While the change is presented as a result of the Forbidden City trying to re-brand itself, and offer visitors a more distinctive set of goods and services, the change is still overshadowed by the nationalist sentiment that originally sparked anti-Starbucks protests.

Foreign executives doing business in China can still enjoy a grande latte at one of the remaining 250-or-so Starbucks outlets in China, but they should be aware that local perceptions of their businesses are strongly coloured by cultural and nationalistic sentiments. And that consumer activists can be hot, strong, and whipped up very quickly. Not unlike a Starbucks coffee.
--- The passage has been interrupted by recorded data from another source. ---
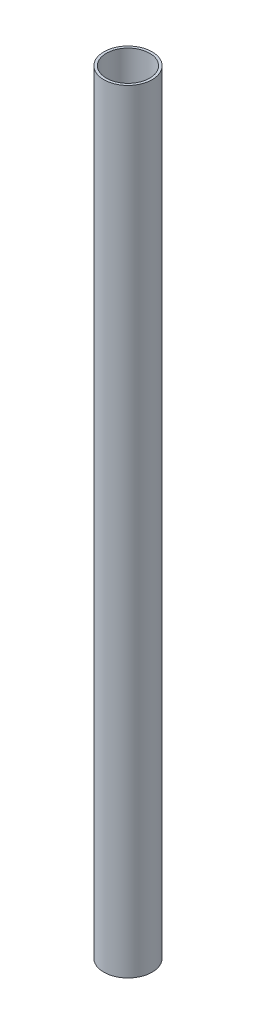
ISO-10303-21;
HEADER;
FILE_DESCRIPTION(('STEP AP214'),'2;1');
FILE_NAME('part.step','',(''),(''),'','','');
FILE_SCHEMA(('AUTOMOTIVE_DESIGN { 1 0 10303 214 1 1 1 1 }'));
ENDSEC;
DATA;
#1=APPLICATION_CONTEXT('core data for automotive mechanical design processes');
#2=APPLICATION_PROTOCOL_DEFINITION('international standard','automotive_design',2000,#1);
#3=PRODUCT_CONTEXT('',#1,'mechanical');
#4=PRODUCT('Part','Part','',(#3));
#5=PRODUCT_RELATED_PRODUCT_CATEGORY('part','',(#4));
#6=PRODUCT_DEFINITION_FORMATION('','',#4);
#7=PRODUCT_DEFINITION_CONTEXT('part definition',#1,'design');
#8=PRODUCT_DEFINITION('design','',#6,#7);
#9=PRODUCT_DEFINITION_SHAPE('','',#8);
#10=(LENGTH_UNIT() NAMED_UNIT(*) SI_UNIT(.MILLI.,.METRE.));
#11=(NAMED_UNIT(*) PLANE_ANGLE_UNIT() SI_UNIT($,.RADIAN.));
#12=(NAMED_UNIT(*) SI_UNIT($,.STERADIAN.) SOLID_ANGLE_UNIT());
#13=UNCERTAINTY_MEASURE_WITH_UNIT(LENGTH_MEASURE(1.E-05),#10,'distance_accuracy_value','');
#14=(GEOMETRIC_REPRESENTATION_CONTEXT(3) GLOBAL_UNCERTAINTY_ASSIGNED_CONTEXT((#13)) GLOBAL_UNIT_ASSIGNED_CONTEXT((#10,
#11,#12)) REPRESENTATION_CONTEXT('',''));
#15=CARTESIAN_POINT('',(0.,0.,0.));
#16=DIRECTION('',(0.,0.,1.));
#17=DIRECTION('',(1.,0.,0.));
#18=AXIS2_PLACEMENT_3D('',#15,#16,#17);
#19=CARTESIAN_POINT('',(0.,508.,0.));
#20=DIRECTION('',(0.,-1.,0.));
#21=DIRECTION('',(0.,0.,-1.));
#22=AXIS2_PLACEMENT_3D('',#19,#20,#21);
#23=CYLINDRICAL_SURFACE('',#22,14.224);
#24=CARTESIAN_POINT('',(0.,508.,0.));
#25=DIRECTION('',(0.,1.,0.));
#26=DIRECTION('',(0.,0.,1.));
#27=AXIS2_PLACEMENT_3D('',#24,#25,#26);
#28=CIRCLE('',#27,14.224);
#29=CARTESIAN_POINT('',(0.,508.,14.224));
#30=VERTEX_POINT('',#29);
#31=EDGE_CURVE('E58',#30,#30,#28,.T.);
#32=ORIENTED_EDGE('',*,*,#31,.T.);
#33=EDGE_LOOP('',(#32));
#34=FACE_BOUND('',#33,.T.);
#35=CARTESIAN_POINT('',(0.,0.,0.));
#36=DIRECTION('',(0.,1.,0.));
#37=DIRECTION('',(0.,0.,1.));
#38=AXIS2_PLACEMENT_3D('',#35,#36,#37);
#39=CIRCLE('',#38,14.224);
#40=CARTESIAN_POINT('',(0.,0.,14.224));
#41=VERTEX_POINT('',#40);
#42=EDGE_CURVE('E65',#41,#41,#39,.T.);
#43=ORIENTED_EDGE('',*,*,#42,.F.);
#44=EDGE_LOOP('',(#43));
#45=FACE_BOUND('',#44,.T.);
#46=ADVANCED_FACE('F50',(#34,#45),#23,.F.);
#47=CARTESIAN_POINT('',(0.,508.,0.));
#48=DIRECTION('',(0.,-1.,0.));
#49=DIRECTION('',(0.,0.,-1.));
#50=AXIS2_PLACEMENT_3D('',#47,#48,#49);
#51=CYLINDRICAL_SURFACE('',#50,15.875);
#52=CARTESIAN_POINT('',(0.,508.,0.));
#53=DIRECTION('',(0.,1.,0.));
#54=DIRECTION('',(0.,0.,1.));
#55=AXIS2_PLACEMENT_3D('',#52,#53,#54);
#56=CIRCLE('',#55,15.875);
#57=CARTESIAN_POINT('',(0.,508.,15.875));
#58=VERTEX_POINT('',#57);
#59=EDGE_CURVE('E11',#58,#58,#56,.T.);
#60=ORIENTED_EDGE('',*,*,#59,.F.);
#61=EDGE_LOOP('',(#60));
#62=FACE_BOUND('',#61,.T.);
#63=CARTESIAN_POINT('',(0.,0.,0.));
#64=DIRECTION('',(0.,1.,0.));
#65=DIRECTION('',(0.,0.,1.));
#66=AXIS2_PLACEMENT_3D('',#63,#64,#65);
#67=CIRCLE('',#66,15.875);
#68=CARTESIAN_POINT('',(0.,0.,15.875));
#69=VERTEX_POINT('',#68);
#70=EDGE_CURVE('E53',#69,#69,#67,.T.);
#71=ORIENTED_EDGE('',*,*,#70,.T.);
#72=EDGE_LOOP('',(#71));
#73=FACE_BOUND('',#72,.T.);
#74=ADVANCED_FACE('F74',(#62,#73),#51,.T.);
#75=CARTESIAN_POINT('',(0.,508.,0.));
#76=DIRECTION('',(0.,1.,0.));
#77=DIRECTION('',(0.,0.,1.));
#78=AXIS2_PLACEMENT_3D('',#75,#76,#77);
#79=PLANE('',#78);
#80=ORIENTED_EDGE('',*,*,#31,.F.);
#81=EDGE_LOOP('',(#80));
#82=FACE_BOUND('',#81,.T.);
#83=ORIENTED_EDGE('',*,*,#59,.T.);
#84=EDGE_LOOP('',(#83));
#85=FACE_BOUND('',#84,.T.);
#86=ADVANCED_FACE('F78',(#82,#85),#79,.T.);
#87=CARTESIAN_POINT('',(0.,0.,0.));
#88=DIRECTION('',(0.,1.,0.));
#89=DIRECTION('',(0.,0.,1.));
#90=AXIS2_PLACEMENT_3D('',#87,#88,#89);
#91=PLANE('',#90);
#92=ORIENTED_EDGE('',*,*,#42,.T.);
#93=EDGE_LOOP('',(#92));
#94=FACE_BOUND('',#93,.T.);
#95=ORIENTED_EDGE('',*,*,#70,.F.);
#96=EDGE_LOOP('',(#95));
#97=FACE_BOUND('',#96,.T.);
#98=ADVANCED_FACE('F76',(#94,#97),#91,.F.);
#99=CLOSED_SHELL('',(#46,#74,#86,#98));
#100=MANIFOLD_SOLID_BREP('B2',#99);
#101=ADVANCED_BREP_SHAPE_REPRESENTATION('',(#18,#100),#14);
#102=SHAPE_DEFINITION_REPRESENTATION(#9,#101);
ENDSEC;
END-ISO-10303-21;

2 Responses to “Starbucks To Go (From the Forbidden City)”

  1. Silverwood Says:

    About time !
    I don’t care too much for Starbucks coffee anyway, but I don’t object to their commercial pursuits.
    But this outlet was way too “in your face” — in the centre of what is arguably one of China’s most sensitive cultural sites, it was patently wrong to have a “Starbucks” outlet brewing away!

  2. Jeremy Gordon Says:

    I agree that sites like the Forbidden City need to be managed with sensitivity, but there are plenty of historicsites in China that are overrun with commercial enterprises (mainly local ones). Just look at the Great Wall! Is there a wider debate about management of cultural icons, or was a foreign firm just being bullied? These sites also need services. Hopefully the private sector (local or foreign) can provide them in an approriate way.